Commentary | Misrepresenting Canada

LETTER

Re: “Misremembering warfare” (Commentary, November 11, page 11)

Whoever the authors of this piece are, they stepped over the graves of Canadians and hid behind the anonymity afforded to them by Demilitarize McGill. They tried to blur the lines between U.S. and Canadian military endeavors and practices, and pretended that we share the same history. Worst of all, they disrespected something they don’t seem to understand.

Remembrance Day isn’t about current or continuing warfare; it’s about the strife, hardship, and loss of life that has affected Canadian soldiers and their families. It’s not about celebrating war, it’s a continued practice so that we never forget the Canadians who fell in combat, regardless of why they were fighting. This is who we think of when we say ‘Lest We Forget’ and ‘Je Me Souviens.’

Seeing as the opinion of Demilitarize was published though, I should point out how they are shaming their cause with misinformation, generalizations, and loose conjecture.

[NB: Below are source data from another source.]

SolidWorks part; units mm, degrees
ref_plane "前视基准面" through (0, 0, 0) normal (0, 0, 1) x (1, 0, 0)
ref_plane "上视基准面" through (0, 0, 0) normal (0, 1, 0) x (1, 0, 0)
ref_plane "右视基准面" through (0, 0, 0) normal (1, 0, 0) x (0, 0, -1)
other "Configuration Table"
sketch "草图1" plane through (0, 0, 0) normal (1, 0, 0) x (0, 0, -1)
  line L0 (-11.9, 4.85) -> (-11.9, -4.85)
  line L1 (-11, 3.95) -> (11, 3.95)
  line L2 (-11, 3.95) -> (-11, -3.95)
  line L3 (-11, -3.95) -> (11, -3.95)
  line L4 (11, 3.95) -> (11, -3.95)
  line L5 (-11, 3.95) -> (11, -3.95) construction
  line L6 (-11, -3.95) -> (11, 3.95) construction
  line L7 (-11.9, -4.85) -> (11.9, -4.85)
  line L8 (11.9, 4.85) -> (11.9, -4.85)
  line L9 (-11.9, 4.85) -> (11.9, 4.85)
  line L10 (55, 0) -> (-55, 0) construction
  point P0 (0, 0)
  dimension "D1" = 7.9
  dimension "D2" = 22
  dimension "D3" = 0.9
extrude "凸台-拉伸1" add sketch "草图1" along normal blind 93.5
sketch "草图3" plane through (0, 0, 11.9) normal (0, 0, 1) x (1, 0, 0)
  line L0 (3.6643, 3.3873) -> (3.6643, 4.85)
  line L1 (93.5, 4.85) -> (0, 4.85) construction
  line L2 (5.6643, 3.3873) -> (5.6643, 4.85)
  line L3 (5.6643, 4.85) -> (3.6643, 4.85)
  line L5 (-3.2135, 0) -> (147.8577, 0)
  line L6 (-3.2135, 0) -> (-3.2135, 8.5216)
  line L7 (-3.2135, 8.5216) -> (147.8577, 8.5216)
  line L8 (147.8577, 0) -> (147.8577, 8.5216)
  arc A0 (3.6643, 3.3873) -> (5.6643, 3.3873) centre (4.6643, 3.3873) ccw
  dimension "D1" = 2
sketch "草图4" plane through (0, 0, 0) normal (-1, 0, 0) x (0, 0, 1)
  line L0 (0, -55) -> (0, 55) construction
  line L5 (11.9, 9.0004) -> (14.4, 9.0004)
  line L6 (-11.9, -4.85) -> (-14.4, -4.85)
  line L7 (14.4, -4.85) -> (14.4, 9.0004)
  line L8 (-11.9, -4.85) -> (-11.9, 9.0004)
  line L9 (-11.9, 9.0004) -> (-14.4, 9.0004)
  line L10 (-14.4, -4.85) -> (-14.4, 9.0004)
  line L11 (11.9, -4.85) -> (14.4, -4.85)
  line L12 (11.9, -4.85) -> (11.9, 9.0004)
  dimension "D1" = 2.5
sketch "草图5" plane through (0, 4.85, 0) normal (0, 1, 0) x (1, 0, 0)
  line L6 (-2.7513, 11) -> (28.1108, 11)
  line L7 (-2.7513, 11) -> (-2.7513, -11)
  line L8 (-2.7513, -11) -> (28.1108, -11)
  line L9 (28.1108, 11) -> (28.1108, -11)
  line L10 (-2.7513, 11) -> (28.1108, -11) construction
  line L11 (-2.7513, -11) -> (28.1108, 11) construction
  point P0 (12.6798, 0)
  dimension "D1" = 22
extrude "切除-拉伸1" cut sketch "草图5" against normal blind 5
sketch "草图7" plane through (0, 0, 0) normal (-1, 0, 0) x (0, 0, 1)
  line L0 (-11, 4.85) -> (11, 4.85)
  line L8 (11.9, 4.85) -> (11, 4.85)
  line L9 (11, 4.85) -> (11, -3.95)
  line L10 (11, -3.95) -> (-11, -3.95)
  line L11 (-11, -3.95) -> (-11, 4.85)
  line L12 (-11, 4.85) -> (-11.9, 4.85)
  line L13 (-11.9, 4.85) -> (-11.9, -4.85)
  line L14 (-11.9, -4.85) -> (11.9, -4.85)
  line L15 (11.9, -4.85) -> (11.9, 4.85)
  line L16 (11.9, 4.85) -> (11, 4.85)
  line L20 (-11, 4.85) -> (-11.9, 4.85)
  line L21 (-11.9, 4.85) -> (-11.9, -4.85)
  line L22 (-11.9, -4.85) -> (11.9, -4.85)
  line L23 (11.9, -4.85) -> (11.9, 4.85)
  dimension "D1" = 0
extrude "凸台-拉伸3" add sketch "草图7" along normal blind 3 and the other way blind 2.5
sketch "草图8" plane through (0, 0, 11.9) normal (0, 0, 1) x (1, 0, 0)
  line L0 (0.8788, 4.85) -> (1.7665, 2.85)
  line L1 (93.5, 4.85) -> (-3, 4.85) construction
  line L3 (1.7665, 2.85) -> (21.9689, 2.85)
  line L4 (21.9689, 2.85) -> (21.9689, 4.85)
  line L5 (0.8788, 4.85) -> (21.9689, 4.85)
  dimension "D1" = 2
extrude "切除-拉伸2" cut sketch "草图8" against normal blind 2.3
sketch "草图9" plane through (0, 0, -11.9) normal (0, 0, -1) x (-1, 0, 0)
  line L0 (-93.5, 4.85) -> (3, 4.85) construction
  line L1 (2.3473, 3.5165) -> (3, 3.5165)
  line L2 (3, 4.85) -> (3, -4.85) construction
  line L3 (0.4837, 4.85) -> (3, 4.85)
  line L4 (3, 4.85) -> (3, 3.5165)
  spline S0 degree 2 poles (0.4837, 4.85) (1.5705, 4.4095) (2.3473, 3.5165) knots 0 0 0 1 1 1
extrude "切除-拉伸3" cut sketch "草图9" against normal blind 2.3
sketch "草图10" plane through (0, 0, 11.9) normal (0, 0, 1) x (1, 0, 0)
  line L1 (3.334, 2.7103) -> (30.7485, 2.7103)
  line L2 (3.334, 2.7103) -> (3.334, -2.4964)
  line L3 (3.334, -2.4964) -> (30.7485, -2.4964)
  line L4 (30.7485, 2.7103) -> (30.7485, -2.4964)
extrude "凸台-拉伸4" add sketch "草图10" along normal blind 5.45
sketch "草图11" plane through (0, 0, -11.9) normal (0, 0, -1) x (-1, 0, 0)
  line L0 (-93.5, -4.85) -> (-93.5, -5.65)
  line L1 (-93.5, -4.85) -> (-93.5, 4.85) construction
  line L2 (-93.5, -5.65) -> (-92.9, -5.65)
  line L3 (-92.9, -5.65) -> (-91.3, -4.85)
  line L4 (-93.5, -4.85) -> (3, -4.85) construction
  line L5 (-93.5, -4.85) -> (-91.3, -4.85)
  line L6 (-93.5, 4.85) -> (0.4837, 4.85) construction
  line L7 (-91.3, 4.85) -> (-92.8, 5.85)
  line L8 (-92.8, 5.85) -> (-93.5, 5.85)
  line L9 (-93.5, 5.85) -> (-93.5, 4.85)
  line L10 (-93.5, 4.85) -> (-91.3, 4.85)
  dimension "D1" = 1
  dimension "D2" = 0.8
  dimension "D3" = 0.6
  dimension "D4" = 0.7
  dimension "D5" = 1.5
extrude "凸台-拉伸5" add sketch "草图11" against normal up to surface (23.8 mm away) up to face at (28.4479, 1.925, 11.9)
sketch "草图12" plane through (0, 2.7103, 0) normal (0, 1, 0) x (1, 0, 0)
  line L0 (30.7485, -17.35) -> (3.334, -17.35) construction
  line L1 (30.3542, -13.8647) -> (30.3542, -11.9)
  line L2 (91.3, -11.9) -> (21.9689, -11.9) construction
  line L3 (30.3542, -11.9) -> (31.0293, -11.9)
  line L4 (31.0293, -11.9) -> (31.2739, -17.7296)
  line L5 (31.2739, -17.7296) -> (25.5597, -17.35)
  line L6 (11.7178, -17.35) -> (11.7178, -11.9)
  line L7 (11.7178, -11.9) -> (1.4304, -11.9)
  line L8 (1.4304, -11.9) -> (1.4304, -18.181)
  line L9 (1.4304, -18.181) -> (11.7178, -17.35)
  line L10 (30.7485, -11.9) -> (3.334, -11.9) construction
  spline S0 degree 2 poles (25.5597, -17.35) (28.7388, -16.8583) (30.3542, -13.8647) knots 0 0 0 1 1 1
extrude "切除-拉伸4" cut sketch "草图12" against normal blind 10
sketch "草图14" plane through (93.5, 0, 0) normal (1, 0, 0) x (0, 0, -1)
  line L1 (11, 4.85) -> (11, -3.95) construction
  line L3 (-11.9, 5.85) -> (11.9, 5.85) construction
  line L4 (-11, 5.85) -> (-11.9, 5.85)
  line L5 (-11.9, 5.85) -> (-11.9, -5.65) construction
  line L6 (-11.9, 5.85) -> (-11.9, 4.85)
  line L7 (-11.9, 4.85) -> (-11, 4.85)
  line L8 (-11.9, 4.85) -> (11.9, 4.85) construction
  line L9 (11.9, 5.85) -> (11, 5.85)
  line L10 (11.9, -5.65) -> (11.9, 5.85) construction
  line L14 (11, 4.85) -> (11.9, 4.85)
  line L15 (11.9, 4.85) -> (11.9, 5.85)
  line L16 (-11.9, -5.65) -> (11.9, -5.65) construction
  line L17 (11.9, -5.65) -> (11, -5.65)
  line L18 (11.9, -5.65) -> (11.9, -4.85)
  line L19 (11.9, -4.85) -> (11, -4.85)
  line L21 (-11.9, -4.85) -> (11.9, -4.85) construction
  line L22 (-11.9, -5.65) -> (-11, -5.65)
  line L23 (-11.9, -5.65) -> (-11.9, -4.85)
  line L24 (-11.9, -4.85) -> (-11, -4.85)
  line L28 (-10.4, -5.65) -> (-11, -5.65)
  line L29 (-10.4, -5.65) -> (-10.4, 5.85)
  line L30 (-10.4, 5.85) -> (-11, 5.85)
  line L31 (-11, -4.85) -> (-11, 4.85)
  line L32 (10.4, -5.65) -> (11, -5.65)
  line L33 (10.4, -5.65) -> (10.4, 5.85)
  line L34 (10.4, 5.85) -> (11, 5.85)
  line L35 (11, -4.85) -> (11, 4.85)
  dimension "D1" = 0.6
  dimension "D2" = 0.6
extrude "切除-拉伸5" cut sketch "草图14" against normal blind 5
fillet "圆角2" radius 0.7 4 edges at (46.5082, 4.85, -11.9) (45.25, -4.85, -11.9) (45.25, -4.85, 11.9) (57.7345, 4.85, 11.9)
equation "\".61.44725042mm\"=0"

First of all, just like the U.S. and Canada are separate and independent nations, the Canadian military is not, and does not represent, the U.S. armed forces. Canadian forces have not been fighting alongside the Americans in the Iraq War, and seeing as the authors are using the context of Canadian military presence on campus, I see no reason why the Iraq War should be cited. For decades the chief activity of the Canadian forces has been peacekeeping; but that doesn’t count, right?

As for “the people of colour targeted for distant assassination by CIA drones,” the authors are surely aware that the CIA is a U.S. federal agency. Also, the drones used by Canadians are unarmed and primarily for surveillance, such as in the far north. Finally, when it comes to the American Civil Liberties Union report on the recruitment of minors in the U.S. that was cited in the article, a simple control-f and we find that Canada isn’t mentioned once in the text.

Demilitarize McGill should focus on finding solutions for the issues they present rather than writing shock commentaries and thoughtlessly protesting Canadian traditions.